5. Macaroons. Delectable, perfectly-textured and bite-sized—seeking out the perfect macaroons is a pilgrimage everyone should take. Burgundy’s artisan bakeries vie for the title of best macaroons amongst the locals. Small bakers like Dijon’s Pierre Hubert and Beaune’s Patisserie Bouche will surprise you with local flavors like cassis and framboise or even lean towards the experimental side with basil and olive oil-flavored treats that will bring cake and cookie lovers on a common ground.

6. Churches. If you are a lover of flying buttresses, naves and all the other terms associated with church architecture, Burgundy will have you geeking out about all its Romanesque and Gothic churches and abbeys. Don’t miss Vézelay’s Basilica of Mary Magdalene, the Notre-Dame of Dijon and its nearby Saint-Michel, Beaune’s chapel in the Hôtel-Dieu, Autun’s Saint-Lazare, the famed Abbeys of Fontenay and Cluny.

7. Discover the other wines of Burgundy. You may be familiar with fridge products like Burgundy’s fine methode Champenoise Cremants and fresh wines of Macon, but there are many other surprises awaiting oenophiles looking for the esoteric. Marsannay produces good rosé and Pinot Gris (locally known as Pinot Beurot), Nuits-St-Geroges has some producers of Pinot Gris (l’Arlot and Lécheneaut) and Henri Gouge’s famed Pinot Blanc. Sauvignon Blanc can be found at home in Chablis-neighboring village Saint-Bris, and another local favorite grape variety, Aligoté, produces outstanding wines by some top producers for under 10 euros. Aligoté wines are most notably produced in the Bouzeron village by Albert de Villaine of Romanée-Conti fame. And if you love beer, be sure to search out micro-brew producer Thomas Becket who makes a range of great ales, blondes, stouts and ambers.

8. A couple dozen amazing cheeses. Yes, Burgundy is known for its outstanding goat cheeses, but that is just a start on the mild side. They are that good and fresh, especially in spring, but there are dozens of cheeses worth their weight in Meursault or Gevery-Chambertin: Delice du Pommard can be found covered in mustard seeds, cassis or even rose petals. The raw milk Ami du Chambertin, and the mild abbey cheese of Cîteaux are favorites. Meanwhile, the famous Époisses cheese which is slow aged and brushed with grape liquor during its development might just be where some cheese lovers draw the line of just how much flavor they can savor. Although, not many cheese makers are open to the public, the fromagerie Gaugry is available for visit six days a week and Alain Hess offers a factory tour and boutique. Dijon’s Cremerie Porcheret has a cellar where cheeses are aged and presented with the utmost care if you want to purchase a variety from across the region.

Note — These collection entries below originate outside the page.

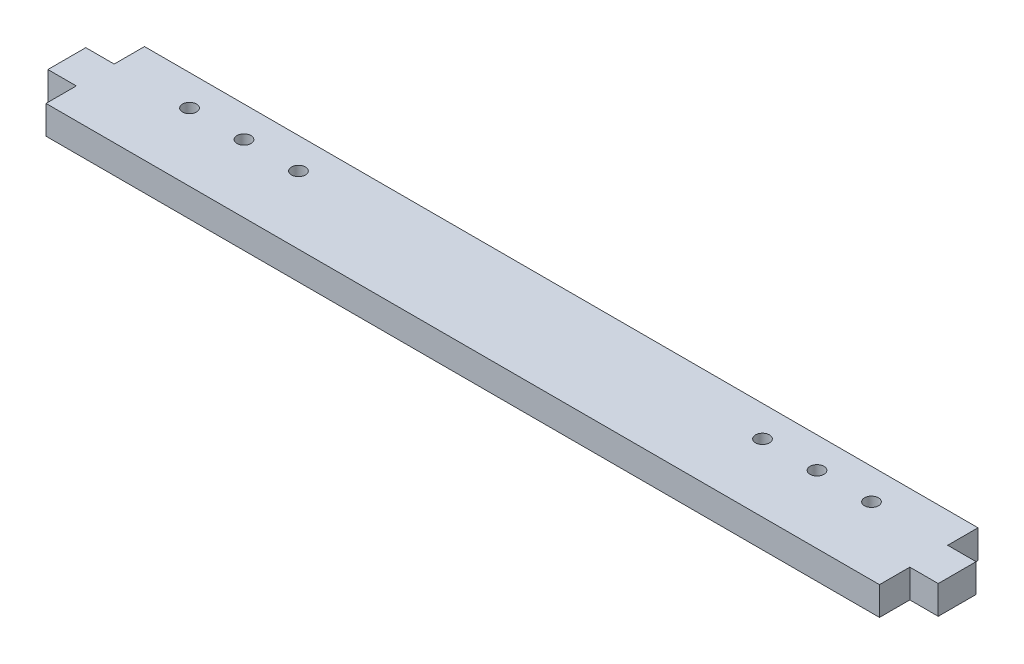
SolidWorks part; units mm, degrees
ref_plane "Front Plane" through (0, 0, 0) normal (0, 0, 1) x (1, 0, 0)
ref_plane "Top Plane" through (0, 0, 0) normal (0, 1, 0) x (1, 0, 0)
ref_plane "Right Plane" through (0, 0, 0) normal (1, 0, 0) x (0, 0, -1)
sketch "Sketch1" plane through (0, 0, 0) normal (0, 1, 0) x (1, 0, 0)
  line L1 (139.7, -16.51) -> (-139.7, -16.51)
  line L2 (139.7, -16.51) -> (139.7, 16.51)
  line L3 (139.7, 16.51) -> (-139.7, 16.51)
  line L4 (-139.7, -16.51) -> (-139.7, 16.51)
  line L5 (139.7, -16.51) -> (-139.7, 16.51) construction
  line L6 (139.7, 16.51) -> (-139.7, -16.51) construction
  point P0 (0, 0)
  dimension "D1" = 279.4
  dimension "D2" = 33.02
extrude "Boss-Extrude1" add sketch "Sketch1" along normal blind 9.525
sketch "Sketch2" plane through (139.7, 0, 0) normal (1, 0, 0) x (0, 0, -1)
  line L0 (-16.51, 0) -> (16.51, 0) construction
  line L1 (-6.35, 0) -> (6.35, 0)
  line L2 (-6.35, 0) -> (-6.35, 9.525)
  line L3 (-6.35, 9.525) -> (6.35, 9.525)
  line L4 (6.35, 0) -> (6.35, 9.525)
  line L5 (-16.51, 9.525) -> (16.51, 9.525) construction
  line L6 (-16.51, 9.525) -> (-16.51, 0) construction
  dimension "D1" = 12.7
  dimension "D2" = 10.16
extrude "Boss-Extrude2" add sketch "Sketch2" along normal blind 9.525
mirror "Mirror1" about plane through (0, 0, 0) normal (1, 0, 0) of "Boss-Extrude2"
sketch "Sketch3" plane through (0, 0, 0) normal (0, -1, 0) x (1, 0, 0)
  line L0 (139.7, -6.35) -> (139.7, -16.51) construction
  line L1 (139.7, -16.51) -> (-139.7, -16.51) construction
  line L2 (114.3, -16.51) -> (77.7748, -16.51) construction
  line L3 (114.3, -16.51) -> (114.3, -6.1976) construction
  line L4 (114.3, -6.1976) -> (77.7748, -6.1976) construction
  line L5 (77.7748, -16.51) -> (77.7748, -6.1976) construction
  line L6 (114.3, -16.51) -> (77.7748, -6.1976) construction
  line L7 (114.3, -6.1976) -> (77.7748, -16.51) construction
  circle A0 centre (114.3, -6.1976) radius 2.3368
  circle A1 centre (77.7748, -6.1976) radius 2.3368
  circle A2 centre (96.0374, -6.1976) radius 2.3368
  point P6 (96.0374, -11.3538)
  dimension "D4" = 4.6736
  dimension "D5" = 4.6736
  dimension "D6" = 4.6736
  dimension "D1" = 36.5252
  dimension "D2" = 10.3124
  dimension "D3" = 25.4
extrude "Cut-Extrude1" cut sketch "Sketch3" against normal through all
mirror "Mirror2" about plane through (0, 0, 0) normal (1, 0, 0) of "Cut-Extrude1"

9. Picnic on scenic Pernard-Vergelesses hill. Trust me—the view is more than picturesque. Stop by one of the tri-weekly morning markets in Dijon or Saturday market of Beaune and prepare an picnic assortment of local specialties to enjoy as you look over the hills between a busy day of tasting appointments.

10. Crème de Cassis. The prized booze of Burgundy made from ripe black currants is the stuff of legend in the world of spirits—so why is this saccharine-sweet and syrupy overhyped schnapps often so disappointing? Because it’s possible you’ve only tried one the industrial liqueurs rushed onto supermarket shelves. There are, however, many artisan cassis producers in Burgundy who would argue that other stuff is not the real thing, but only estate-produced cassis handled with the same care as cru Burgundy wine can charm the senses. Most visitors opt for the Cassisium—a large complex in the town of Nuits-St-Geroges—which features an interactive and educational experience something akin to a them park for liqueur lovers. Is the 8 euros admission worth it? It’s hard to say when there are so many passionate small-production cassis masters a stones throw away waiting to sell their bottles direct from estate and offer visitors tastings and pairing suggestions. See Jean-Baptiste Joanne and Gilles Joannet in Arcenant village, Fruirouge in Nuits-St-Georges, and, lastly, Edmond Briottet if you find yourself thirsty in the Dijon city center.